Starting with the line that contains "#21=DIRECTION('',(0.,0.,1.));" and stopping after the line that contains "#77=DIRECTION('',(0.,0.,1.));", copy the entries below exactly. Include nothing else.

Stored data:

[Start of Attachment]

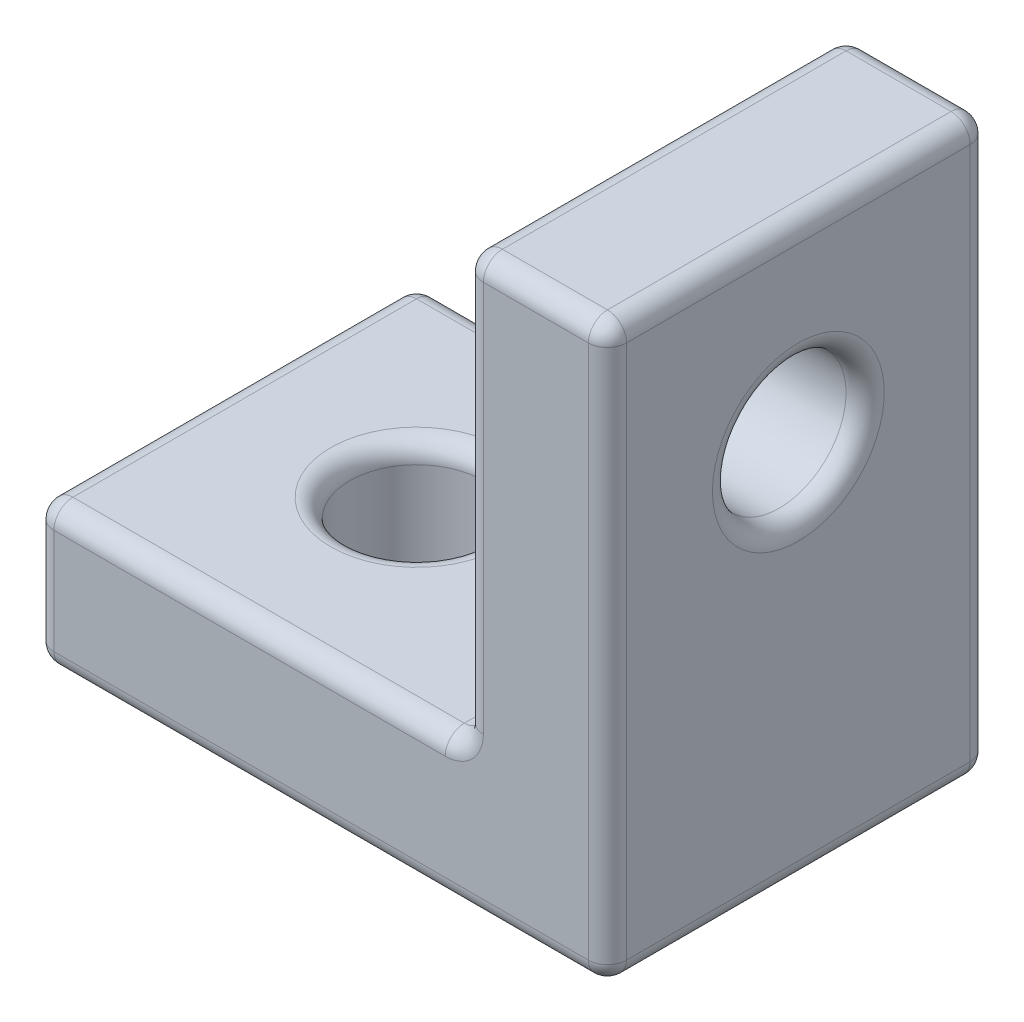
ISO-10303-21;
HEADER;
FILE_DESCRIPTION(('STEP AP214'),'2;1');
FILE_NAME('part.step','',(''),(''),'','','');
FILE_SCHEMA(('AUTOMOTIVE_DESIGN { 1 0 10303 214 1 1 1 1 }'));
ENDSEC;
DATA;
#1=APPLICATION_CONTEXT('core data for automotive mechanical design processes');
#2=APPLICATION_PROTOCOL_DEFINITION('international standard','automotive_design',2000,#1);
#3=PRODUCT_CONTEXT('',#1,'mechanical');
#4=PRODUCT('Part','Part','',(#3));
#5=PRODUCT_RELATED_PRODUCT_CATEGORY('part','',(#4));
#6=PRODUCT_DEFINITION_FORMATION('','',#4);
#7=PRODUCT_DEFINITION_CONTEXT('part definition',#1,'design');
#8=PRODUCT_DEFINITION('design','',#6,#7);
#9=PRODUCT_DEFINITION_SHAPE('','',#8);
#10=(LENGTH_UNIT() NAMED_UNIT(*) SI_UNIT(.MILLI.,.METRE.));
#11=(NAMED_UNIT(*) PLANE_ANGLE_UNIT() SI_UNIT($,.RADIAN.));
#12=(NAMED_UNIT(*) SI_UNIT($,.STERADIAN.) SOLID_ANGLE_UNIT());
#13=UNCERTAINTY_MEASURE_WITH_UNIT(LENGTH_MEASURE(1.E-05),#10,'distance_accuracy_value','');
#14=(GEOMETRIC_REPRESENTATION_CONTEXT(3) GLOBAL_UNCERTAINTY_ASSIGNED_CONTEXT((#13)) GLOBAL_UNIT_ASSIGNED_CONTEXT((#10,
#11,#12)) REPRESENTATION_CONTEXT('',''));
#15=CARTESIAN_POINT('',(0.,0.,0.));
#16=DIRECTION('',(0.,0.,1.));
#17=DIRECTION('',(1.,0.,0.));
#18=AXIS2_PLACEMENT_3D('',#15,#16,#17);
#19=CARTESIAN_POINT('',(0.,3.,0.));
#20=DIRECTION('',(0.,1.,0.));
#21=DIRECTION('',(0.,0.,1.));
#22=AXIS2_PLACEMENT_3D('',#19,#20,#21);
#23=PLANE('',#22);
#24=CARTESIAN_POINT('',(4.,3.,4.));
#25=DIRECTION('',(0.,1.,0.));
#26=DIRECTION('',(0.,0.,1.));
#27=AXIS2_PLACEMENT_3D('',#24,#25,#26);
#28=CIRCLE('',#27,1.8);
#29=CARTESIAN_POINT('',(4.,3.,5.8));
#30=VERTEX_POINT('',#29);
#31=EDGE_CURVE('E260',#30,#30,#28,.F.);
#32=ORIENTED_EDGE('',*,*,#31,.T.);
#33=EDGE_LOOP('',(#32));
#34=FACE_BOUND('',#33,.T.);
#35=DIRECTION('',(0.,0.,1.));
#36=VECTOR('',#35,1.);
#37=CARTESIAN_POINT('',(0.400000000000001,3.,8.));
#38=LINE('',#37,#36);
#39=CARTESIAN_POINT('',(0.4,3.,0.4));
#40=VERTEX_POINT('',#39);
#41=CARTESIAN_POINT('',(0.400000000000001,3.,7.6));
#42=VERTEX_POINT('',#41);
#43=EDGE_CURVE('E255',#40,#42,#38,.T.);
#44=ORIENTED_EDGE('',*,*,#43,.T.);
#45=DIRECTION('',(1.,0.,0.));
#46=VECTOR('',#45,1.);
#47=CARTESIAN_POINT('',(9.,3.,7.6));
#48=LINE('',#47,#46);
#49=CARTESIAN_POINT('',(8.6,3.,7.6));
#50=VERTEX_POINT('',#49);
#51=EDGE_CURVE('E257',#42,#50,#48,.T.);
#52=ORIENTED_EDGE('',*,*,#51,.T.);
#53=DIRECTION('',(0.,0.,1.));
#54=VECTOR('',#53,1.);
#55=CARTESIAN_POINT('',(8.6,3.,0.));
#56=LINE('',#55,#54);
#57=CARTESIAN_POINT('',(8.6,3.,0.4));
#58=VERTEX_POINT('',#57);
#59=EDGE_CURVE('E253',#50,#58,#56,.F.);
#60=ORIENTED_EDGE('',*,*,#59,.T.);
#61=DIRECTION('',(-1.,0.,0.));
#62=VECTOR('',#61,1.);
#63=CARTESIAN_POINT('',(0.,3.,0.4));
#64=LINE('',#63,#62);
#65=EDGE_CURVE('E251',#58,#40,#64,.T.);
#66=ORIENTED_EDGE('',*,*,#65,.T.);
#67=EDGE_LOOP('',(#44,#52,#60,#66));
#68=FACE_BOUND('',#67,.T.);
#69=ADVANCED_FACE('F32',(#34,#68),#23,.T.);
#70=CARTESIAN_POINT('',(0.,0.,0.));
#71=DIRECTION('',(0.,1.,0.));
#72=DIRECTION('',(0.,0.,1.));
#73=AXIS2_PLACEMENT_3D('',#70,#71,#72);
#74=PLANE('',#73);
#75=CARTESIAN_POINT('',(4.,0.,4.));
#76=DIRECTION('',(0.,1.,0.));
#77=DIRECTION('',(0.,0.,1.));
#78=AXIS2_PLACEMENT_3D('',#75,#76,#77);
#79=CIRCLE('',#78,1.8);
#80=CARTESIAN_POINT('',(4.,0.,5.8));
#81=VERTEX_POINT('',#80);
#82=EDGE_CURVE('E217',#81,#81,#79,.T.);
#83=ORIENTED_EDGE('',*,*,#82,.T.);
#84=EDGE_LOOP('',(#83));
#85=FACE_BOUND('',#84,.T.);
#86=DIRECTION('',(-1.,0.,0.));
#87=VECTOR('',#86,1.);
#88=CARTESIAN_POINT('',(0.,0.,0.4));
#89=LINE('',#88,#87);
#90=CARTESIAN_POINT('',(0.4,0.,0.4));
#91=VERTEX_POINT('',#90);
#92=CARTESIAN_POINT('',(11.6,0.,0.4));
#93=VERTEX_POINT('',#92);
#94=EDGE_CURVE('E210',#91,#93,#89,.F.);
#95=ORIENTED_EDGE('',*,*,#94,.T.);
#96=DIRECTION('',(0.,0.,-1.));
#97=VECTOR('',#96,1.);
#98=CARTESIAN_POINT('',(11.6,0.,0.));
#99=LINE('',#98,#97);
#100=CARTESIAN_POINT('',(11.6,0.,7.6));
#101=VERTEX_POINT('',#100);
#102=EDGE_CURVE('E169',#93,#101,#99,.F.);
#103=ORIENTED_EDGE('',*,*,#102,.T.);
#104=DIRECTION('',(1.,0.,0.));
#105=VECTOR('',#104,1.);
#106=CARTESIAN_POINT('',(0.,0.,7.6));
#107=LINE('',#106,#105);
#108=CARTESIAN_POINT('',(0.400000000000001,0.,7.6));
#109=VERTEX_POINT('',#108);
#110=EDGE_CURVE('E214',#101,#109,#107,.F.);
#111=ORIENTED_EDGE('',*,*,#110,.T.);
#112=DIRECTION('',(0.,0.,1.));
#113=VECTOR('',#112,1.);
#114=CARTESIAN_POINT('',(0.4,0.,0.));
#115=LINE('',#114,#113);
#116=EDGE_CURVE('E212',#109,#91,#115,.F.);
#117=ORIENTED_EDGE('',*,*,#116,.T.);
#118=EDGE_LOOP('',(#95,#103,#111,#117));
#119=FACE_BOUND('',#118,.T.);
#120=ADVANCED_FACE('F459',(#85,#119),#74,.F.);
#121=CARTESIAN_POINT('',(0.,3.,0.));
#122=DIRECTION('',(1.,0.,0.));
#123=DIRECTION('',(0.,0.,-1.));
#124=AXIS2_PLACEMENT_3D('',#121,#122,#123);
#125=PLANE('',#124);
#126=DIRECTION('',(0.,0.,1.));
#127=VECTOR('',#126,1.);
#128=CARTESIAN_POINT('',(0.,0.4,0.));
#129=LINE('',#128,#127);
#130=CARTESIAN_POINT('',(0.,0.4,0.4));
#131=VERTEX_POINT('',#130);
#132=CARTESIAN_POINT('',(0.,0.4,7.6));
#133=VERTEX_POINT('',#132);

[End of Attachment]

* **Expected output**
#21=DIRECTION('',(0.,0.,1.));
#22=AXIS2_PLACEMENT_3D('',#19,#20,#21);
#23=PLANE('',#22);
#24=CARTESIAN_POINT('',(4.,3.,4.));
#25=DIRECTION('',(0.,1.,0.));
#26=DIRECTION('',(0.,0.,1.));
#27=AXIS2_PLACEMENT_3D('',#24,#25,#26);
#28=CIRCLE('',#27,1.8);
#29=CARTESIAN_POINT('',(4.,3.,5.8));
#30=VERTEX_POINT('',#29);
#31=EDGE_CURVE('E260',#30,#30,#28,.F.);
#32=ORIENTED_EDGE('',*,*,#31,.T.);
#33=EDGE_LOOP('',(#32));
#34=FACE_BOUND('',#33,.T.);
#35=DIRECTION('',(0.,0.,1.));
#36=VECTOR('',#35,1.);
#37=CARTESIAN_POINT('',(0.400000000000001,3.,8.));
#38=LINE('',#37,#36);
#39=CARTESIAN_POINT('',(0.4,3.,0.4));
#40=VERTEX_POINT('',#39);
#41=CARTESIAN_POINT('',(0.400000000000001,3.,7.6));
#42=VERTEX_POINT('',#41);
#43=EDGE_CURVE('E255',#40,#42,#38,.T.);
#44=ORIENTED_EDGE('',*,*,#43,.T.);
#45=DIRECTION('',(1.,0.,0.));
#46=VECTOR('',#45,1.);
#47=CARTESIAN_POINT('',(9.,3.,7.6));
#48=LINE('',#47,#46);
#49=CARTESIAN_POINT('',(8.6,3.,7.6));
#50=VERTEX_POINT('',#49);
#51=EDGE_CURVE('E257',#42,#50,#48,.T.);
#52=ORIENTED_EDGE('',*,*,#51,.T.);
#53=DIRECTION('',(0.,0.,1.));
#54=VECTOR('',#53,1.);
#55=CARTESIAN_POINT('',(8.6,3.,0.));
#56=LINE('',#55,#54);
#57=CARTESIAN_POINT('',(8.6,3.,0.4));
#58=VERTEX_POINT('',#57);
#59=EDGE_CURVE('E253',#50,#58,#56,.F.);
#60=ORIENTED_EDGE('',*,*,#59,.T.);
#61=DIRECTION('',(-1.,0.,0.));
#62=VECTOR('',#61,1.);
#63=CARTESIAN_POINT('',(0.,3.,0.4));
#64=LINE('',#63,#62);
#65=EDGE_CURVE('E251',#58,#40,#64,.T.);
#66=ORIENTED_EDGE('',*,*,#65,.T.);
#67=EDGE_LOOP('',(#44,#52,#60,#66));
#68=FACE_BOUND('',#67,.T.);
#69=ADVANCED_FACE('F32',(#34,#68),#23,.T.);
#70=CARTESIAN_POINT('',(0.,0.,0.));
#71=DIRECTION('',(0.,1.,0.));
#72=DIRECTION('',(0.,0.,1.));
#73=AXIS2_PLACEMENT_3D('',#70,#71,#72);
#74=PLANE('',#73);
#75=CARTESIAN_POINT('',(4.,0.,4.));
#76=DIRECTION('',(0.,1.,0.));
#77=DIRECTION('',(0.,0.,1.));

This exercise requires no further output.